As the Lannisters seek to consolidate their hold on the kingdom, Stannis Baratheon (Stephen Dillane) licks his wounds following Season 2’s climactic battle. The Starks become even more scattered, while across the sea Daenerys Targaryen (Emilia Clarke) hopes to swell the ranks of her followers into an invasion force. One might call Game of Thrones “sprawling”, but it would be a disservice to the intricacy and care with which Benioff and Weiss translate Martin’s epic to the screen. The show’s slow-burn approach is peppered with smaller showdowns en route to the already-traditional grand climax in episode 9; the stomach-churning, heartbreaking events of ‘The Rains of Castamere’ have already entered the pop-canon as one of those shocking moments of television in recent years.
To the credit of the writers, Game of Thrones is far more than a collection of surprising deaths and candle-lit sex scenes. For all that is made of the show’s unpredictable killing, Thrones is an emotional, compassionate series that brilliantly balances its crushing lows with soaring highs. Much of this lies in the extraordinarily well-developed characters. A cast as large as this one – where major characters disappear for multiple episodes at a time (Season 3 features the return of Ser Barristan Selmy (Ian McElhinney), last seen in Season 1) and new players are constantly joining the game – could have been tricky to follow, but the show is so well-written that very few characters are easily mistaken for one another.
A great deal of credit is due in this department to costume designer Michelle Clapton and production designer Gemma Jackson, who give each kingdom, family and individual their own distinct look.

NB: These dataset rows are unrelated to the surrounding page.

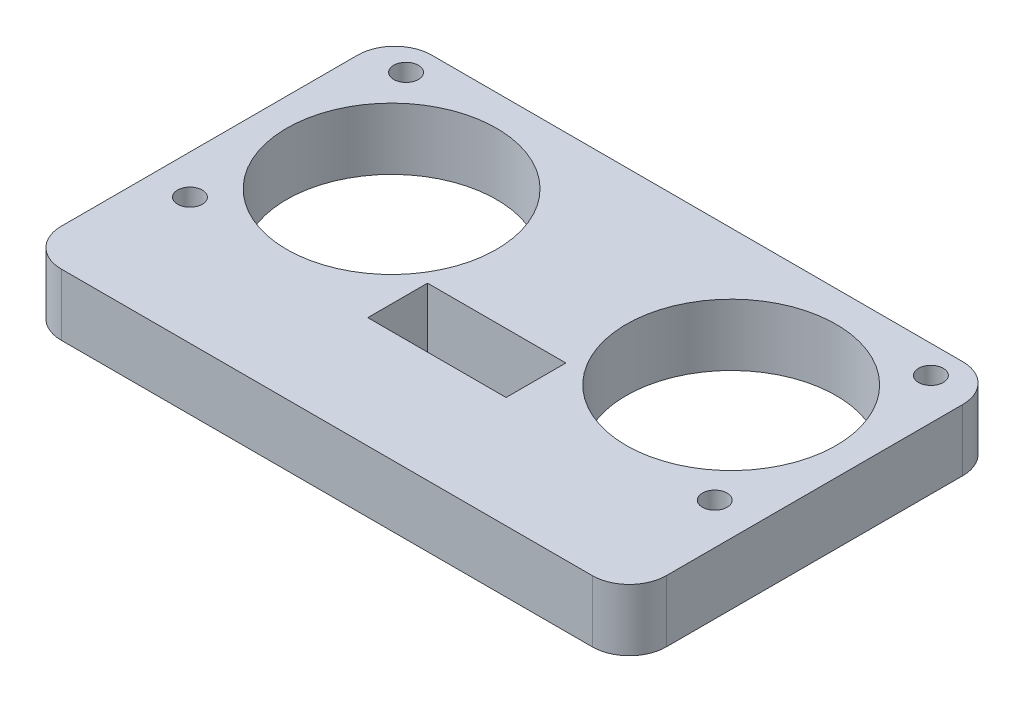
from build123d import *

# Parameters (mm, degrees)
SKETCH1_R           = 21
SKETCH1_R_2         = 20
BOSS_EXTRUDE1_DEPTH = 3.5
SKETCH2_R           = 3.55
SKETCH2_R_2         = 6.55
SKETCH2_R_3         = 2.55
SKETCH2_R_4         = 8.5
SKETCH2_W           = 11.2
SKETCH2_H           = 4.84
BOSS_EXTRUDE2_DEPTH = 5
SKETCH3_W           = 11.2
SKETCH3_H           = 4.84
SKETCH3_W_2         = 49
SKETCH3_H_2         = 8
SKETCH3_R           = 8.5
IGNORE_DEPTH        = 5
SKETCH4_R           = 8.5
SKETCH4_W           = 11.2
SKETCH4_H           = 4.84
CUT_EXTRUDE2_DEPTH  = 71.901339903
FILLET1_R           = 3
SKETCH5_W           = 42
SKETCH5_H           = 3.5
CUT_EXTRUDE3_DEPTH  = 25
CUT_EXTRUDE5_DEPTH  = 10
FILLET2_R           = 3
SKETCH8_R           = 1
CUT_EXTRUDE6_DEPTH  = 20


with BuildPart() as part:
    # Sketch1 → Boss-Extrude1 (new body)
    with BuildSketch(Plane(origin=(0, 0, 0), x_dir=(1, 0, 0), z_dir=(0, 1, 0))):
        with Locations(Location((0, 0, 0), (0, 0, 90))):
            Circle(SKETCH1_R)
        with Locations(Location((0, 0, 0), (0, 0, 90))):
            Circle(SKETCH1_R_2, mode=Mode.SUBTRACT)
    extrude(amount=BOSS_EXTRUDE1_DEPTH)

    # Sketch2 → Boss-Extrude2 (add)
    with BuildSketch(Plane(origin=(0, 3.5, 0), x_dir=(1, 0, 0), z_dir=(0, 1, 0))):
        Polygon((-29, -5), (-29, -29), (29, -29), (29, -5), (39, -5), (39, 5), (29, 5), (29, 29), (24.5, 29), (24.5, 51), (-24.5, 51), (-24.5, 29), (-29, 29), (-29, 5), (-39, 5), (-39, -5), align=None)
        with Locations(Location((-23.55, -23.55, 0), (0, 0, 270))):
            Circle(SKETCH2_R, mode=Mode.SUBTRACT)
        with Locations(Location((23.55, -23.55, 0), (0, 0, 270))):
            Circle(SKETCH2_R, mode=Mode.SUBTRACT)
        with Locations(Location((0, 0, 0), (0, 0, 270))):
            Circle(SKETCH2_R_2, mode=Mode.SUBTRACT)
        with Locations(Location((-23.55, 23.55, 0), (0, 0, 270))):
            Circle(SKETCH2_R, mode=Mode.SUBTRACT)
        with Locations(Location((23.55, 23.55, 0), (0, 0, 270))):
            Circle(SKETCH2_R, mode=Mode.SUBTRACT)
        with Locations(Location((-34, 0, 0), (0, 0, 270))):
            Circle(SKETCH2_R_3, mode=Mode.SUBTRACT)
        with Locations(Location((34, 0, 0), (0, 0, 270))):
            Circle(SKETCH2_R_3, mode=Mode.SUBTRACT)
        with Locations(Location((13.76, 39, 0), (0, 0, 270))):
            Circle(SKETCH2_R_4, mode=Mode.SUBTRACT)
        with Locations(Location((-13.76, 39, 0), (0, 0, 270))):
            Circle(SKETCH2_R_4, mode=Mode.SUBTRACT)
        with Locations((0, 46.28)):
            Rectangle(SKETCH2_W, SKETCH2_H, mode=Mode.SUBTRACT)
    extrude(amount=BOSS_EXTRUDE2_DEPTH)

    # Sketch3 → Ignore (add)
    with BuildSketch(Plane(origin=(0, 3.5, 0), x_dir=(1, 0, 0), z_dir=(0, 1, 0))):
        with Locations((0, 46.28)):
            Rectangle(SKETCH3_W, SKETCH3_H)
        with Locations((0, 55)):
            Rectangle(SKETCH3_W_2, SKETCH3_H_2)
        with Locations((13.76, 39)):
            Circle(SKETCH3_R)
        with Locations((-13.76, 39)):
            Circle(SKETCH3_R)
    extrude(amount=IGNORE_DEPTH)

    # Sketch4 → Cut-Extrude2 (cut, through all)
    with BuildSketch(Plane(origin=(0, 3.5, 0), x_dir=(1, 0, 0), z_dir=(0, 1, 0))):
        with Locations(Location((-13.75, 48, 0), (0, 0, 270))):
            Circle(SKETCH4_R)
        with Locations(Location((13.75, 48, 0), (0, 0, 270))):
            Circle(SKETCH4_R)
        with Locations((-0.079148889, 40.42)):
            Rectangle(SKETCH4_W, SKETCH4_H)
    extrude(amount=CUT_EXTRUDE2_DEPTH, mode=Mode.SUBTRACT)

    # Fillet1
    fillet1_edges = [part.edges().sort_by_distance(p)[0] for p in [
        (-29, 6, 29),
        (29, 6, 29),
        (39, 6, 5),
        (39, 6, -5),
        (29, 6, -29),
        (-29, 6, -29),
        (-39, 6, -5),
        (-39, 6, 5),
        (24.5, 6, -59),
        (-24.5, 6, -59),
    ]]
    fillet(fillet1_edges, radius=FILLET1_R)

    # Sketch5 → Cut-Extrude3 (cut, symmetric)
    with BuildSketch(Plane.XY):
        with Locations((0, 1.75)):
            Rectangle(SKETCH5_W, SKETCH5_H)
    extrude(amount=CUT_EXTRUDE3_DEPTH, both=True, mode=Mode.SUBTRACT)

    # Sketch6 → Cut-Extrude5 (cut)
    with BuildSketch(Plane(origin=(0, 8.5, 0), x_dir=(1, 0, 0), z_dir=(0, 1, 0))):
        Polygon((-26, 29), (24.5, 29), (43.321910497, 29), (43.321910497, -33.14300085), (-52.072842779, -33.14300085), (-52.072842779, 29), (-38.2971121, 29), align=None)
    extrude(amount=-CUT_EXTRUDE5_DEPTH, mode=Mode.SUBTRACT)

    # Fillet2
    fillet2_edges = [part.edges().sort_by_distance(p)[0] for p in [
        (24.5, 6, -29),
        (-24.5, 6, -29),
    ]]
    fillet(fillet2_edges, radius=FILLET2_R)

    # Sketch8 → Cut-Extrude6 (cut)
    with BuildSketch(Plane.XZ.offset(-3.5)):
        with Locations(Location((-21.329148889, -39.25, 0), (0, 0, 270))):
            Circle(SKETCH8_R)
        with Locations(Location((-21.329148889, -56.75, 0), (0, 0, 270))):
            Circle(SKETCH8_R)
        with Locations(Location((21.170851111, -56.75, 0), (0, 0, 270))):
            Circle(SKETCH8_R)
        with Locations(Location((21.170851111, -39.25, 0), (0, 0, 270))):
            Circle(SKETCH8_R)
    extrude(amount=-CUT_EXTRUDE6_DEPTH, mode=Mode.SUBTRACT)


solid = part.part
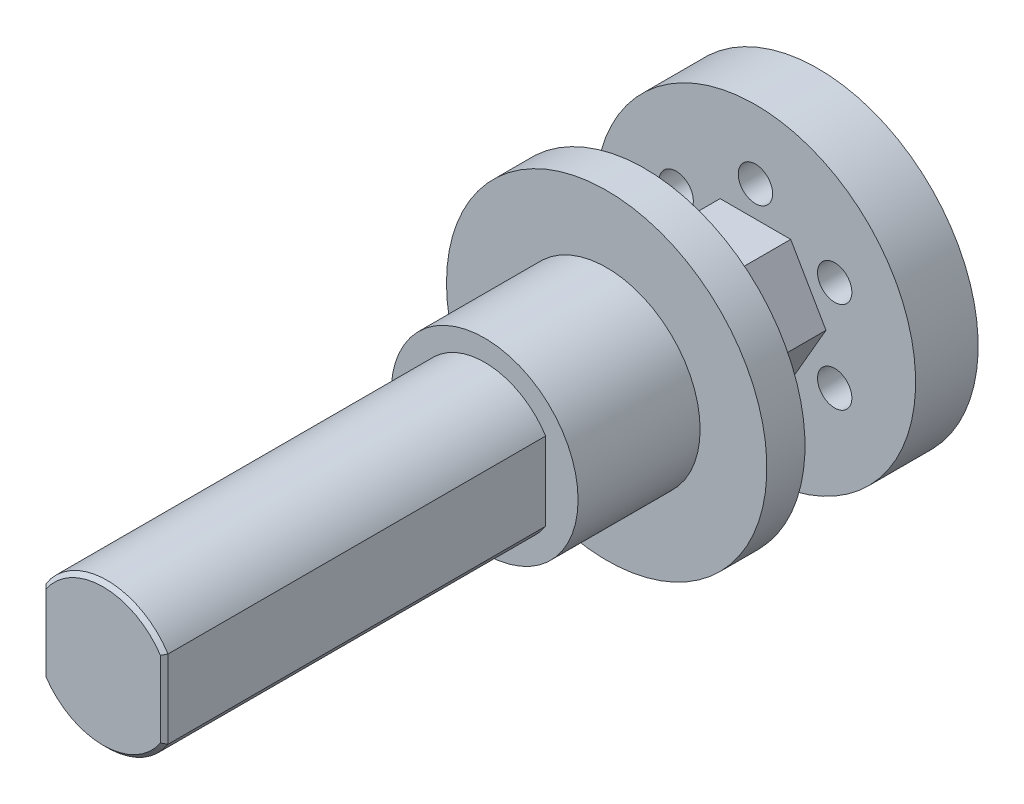
from build123d import *

# Parameters (mm, degrees)
SKETCH_1_R            = 9.25
EXTRUDE_1_DEPTH       = 89.5
SKETCH_4_R            = 12.25
EXTRUDE_2_DEPTH       = 16
SKETCH_5_R            = 21
EXTRUDE_3_DEPTH       = 5
EXTRUDE_4_DEPTH       = 4.2
EXTRUDE_4_DEPTH_BACK  = 4
SKETCH_6_R            = 21
SKETCH_6_R_2          = 2.25
SKETCH_7_R            = 20
CUT_EXTRUDE_1_DEPTH   = 2
SKETCH_8_OUTSIDE_W    = 66.188
SKETCH_8_OUTSIDE_H    = 66.188
CUT_EXTRUDE_4_DEPTH   = 14.5
SKETCH_11_R           = 9.5
EXTRUDE_5_DEPTH       = 50
SKETCH_13_W           = 10
SKETCH_13_H           = 10.246950766
CUT_EXTRUDE_1_2_DEPTH = 50
CHAMFER_1_SIZE        = 0.5


with BuildPart() as part:
    # 草图1 → 凸台-拉伸1 (new body)
    with BuildSketch(Plane.XY):
        with Locations(Location((0, 0, 0), (0, 0, 180))):
            Circle(SKETCH_1_R)
    extrude(amount=EXTRUDE_1_DEPTH)

    # 草图4 → 凸台-拉伸2 (add)
    with BuildSketch(Plane.XY.offset(39.5)):
        Circle(SKETCH_4_R)
    extrude(amount=-EXTRUDE_2_DEPTH)

    # 草图5 → 凸台-拉伸3 (add)
    with BuildSketch(Plane(origin=(0, 0, 23.5), x_dir=(-1, 0, 0), z_dir=(0, 0, -1))):
        Circle(SKETCH_5_R)
    extrude(amount=EXTRUDE_3_DEPTH)

    # 草图6 → 凸台-拉伸4 (add, two sides: drawn at the far end of the back side and taken through both)
    with BuildSketch(Plane(origin=(0, 0, 0), x_dir=(-1, 0, 0), z_dir=(0, 0, -1)).offset(-EXTRUDE_4_DEPTH_BACK)):
        Circle(SKETCH_6_R)
        with Locations((0, 12)):
            Circle(SKETCH_6_R_2, mode=Mode.SUBTRACT)
        with Locations((10.392304845, 6)):
            Circle(SKETCH_6_R_2, mode=Mode.SUBTRACT)
        with Locations((10.392304845, -6)):
            Circle(SKETCH_6_R_2, mode=Mode.SUBTRACT)
        with Locations((0, -12)):
            Circle(SKETCH_6_R_2, mode=Mode.SUBTRACT)
        with Locations((-10.392304845, -6)):
            Circle(SKETCH_6_R_2, mode=Mode.SUBTRACT)
        with Locations((-10.392304845, 6)):
            Circle(SKETCH_6_R_2, mode=Mode.SUBTRACT)
    extrude(amount=EXTRUDE_4_DEPTH + EXTRUDE_4_DEPTH_BACK)

    # 草图7 → Cut-Extrude 1 (cut)
    with BuildSketch(Plane(origin=(0, 0, -4.2), x_dir=(-1, 0, 0), z_dir=(0, 0, -1))):
        Circle(SKETCH_7_R)
    extrude(amount=-CUT_EXTRUDE_1_DEPTH, mode=Mode.SUBTRACT)

    # 草图8 outside → 切除-拉伸4 (cut)
    with BuildSketch(Plane(origin=(0, 0, 18.5), x_dir=(-1, 0, 0), z_dir=(0, 0, -1))):
        Rectangle(SKETCH_8_OUTSIDE_W, SKETCH_8_OUTSIDE_H)
        Polygon((-9.25, 0), (-4.625, -8.010734985), (4.625, -8.010734985), (9.25, 0), (4.625, 8.010734985), (-4.625, 8.010734985), align=None, mode=Mode.SUBTRACT)
    extrude(amount=CUT_EXTRUDE_4_DEPTH, mode=Mode.SUBTRACT)

    # 草图11 → 凸台-拉伸5 (add)
    with BuildSketch(Plane.XY.offset(39.5)):
        Circle(SKETCH_11_R)
    extrude(amount=EXTRUDE_5_DEPTH)

    # 草图13 → Cut-Extrude 1 2 (cut)
    with BuildSketch(Plane.XY.offset(89.5)):
        with Locations((-13, 0)):
            Rectangle(SKETCH_13_W, SKETCH_13_H)
        with Locations((13, 0)):
            Rectangle(SKETCH_13_W, SKETCH_13_H)
    extrude(amount=-CUT_EXTRUDE_1_2_DEPTH, mode=Mode.SUBTRACT)

    # 倒角1
    chamfer_1_edges = [part.edges().sort_by_distance(p)[0] for p in [
        (8, 0, 89.5),
        (0, -9.5, 89.5),
        (-8, 0, 89.5),
        (0, 9.5, 89.5),
    ]]
    chamfer(chamfer_1_edges, length=CHAMFER_1_SIZE)


solid = part.part

The acting is outstanding across the board. Emilia Clarke earned a deserved first Emmy nomination as Daenerys, while lower down the cast list John Bradley’s Sam also provided some of the season’s more uplifting moments as his character blooms from downtrodden object of ridicule to real heroism. Among the new additions to Season 3, Diana Rigg steals many scenes as the matriarch of the Tyrell family, Olenna Redwyne. It’s Michelle Fairley, Oona Chaplin and Richard Madden as Catelyn, Talisa and Robb Stark who pull hardest at the heartstrings, however.
Despite the enormous mainstream success of Peter Jackson’s Tolkien adaptations, the fantasy genre often still struggles to be seen as capable of greatness. Game of Thrones offers a stern rebuke to genre elitism: it is not only a grand adventure, but a series that pushes the medium of television drama into new fields. Episodes are less about contained bursts of narrative progression so much as collections of incidents grouped with intelligence and perception by theme. This season takes Game of Thrones to daring new places, but reminds the audience that this series had always been about family and home. Season 4 has a lot to live up to.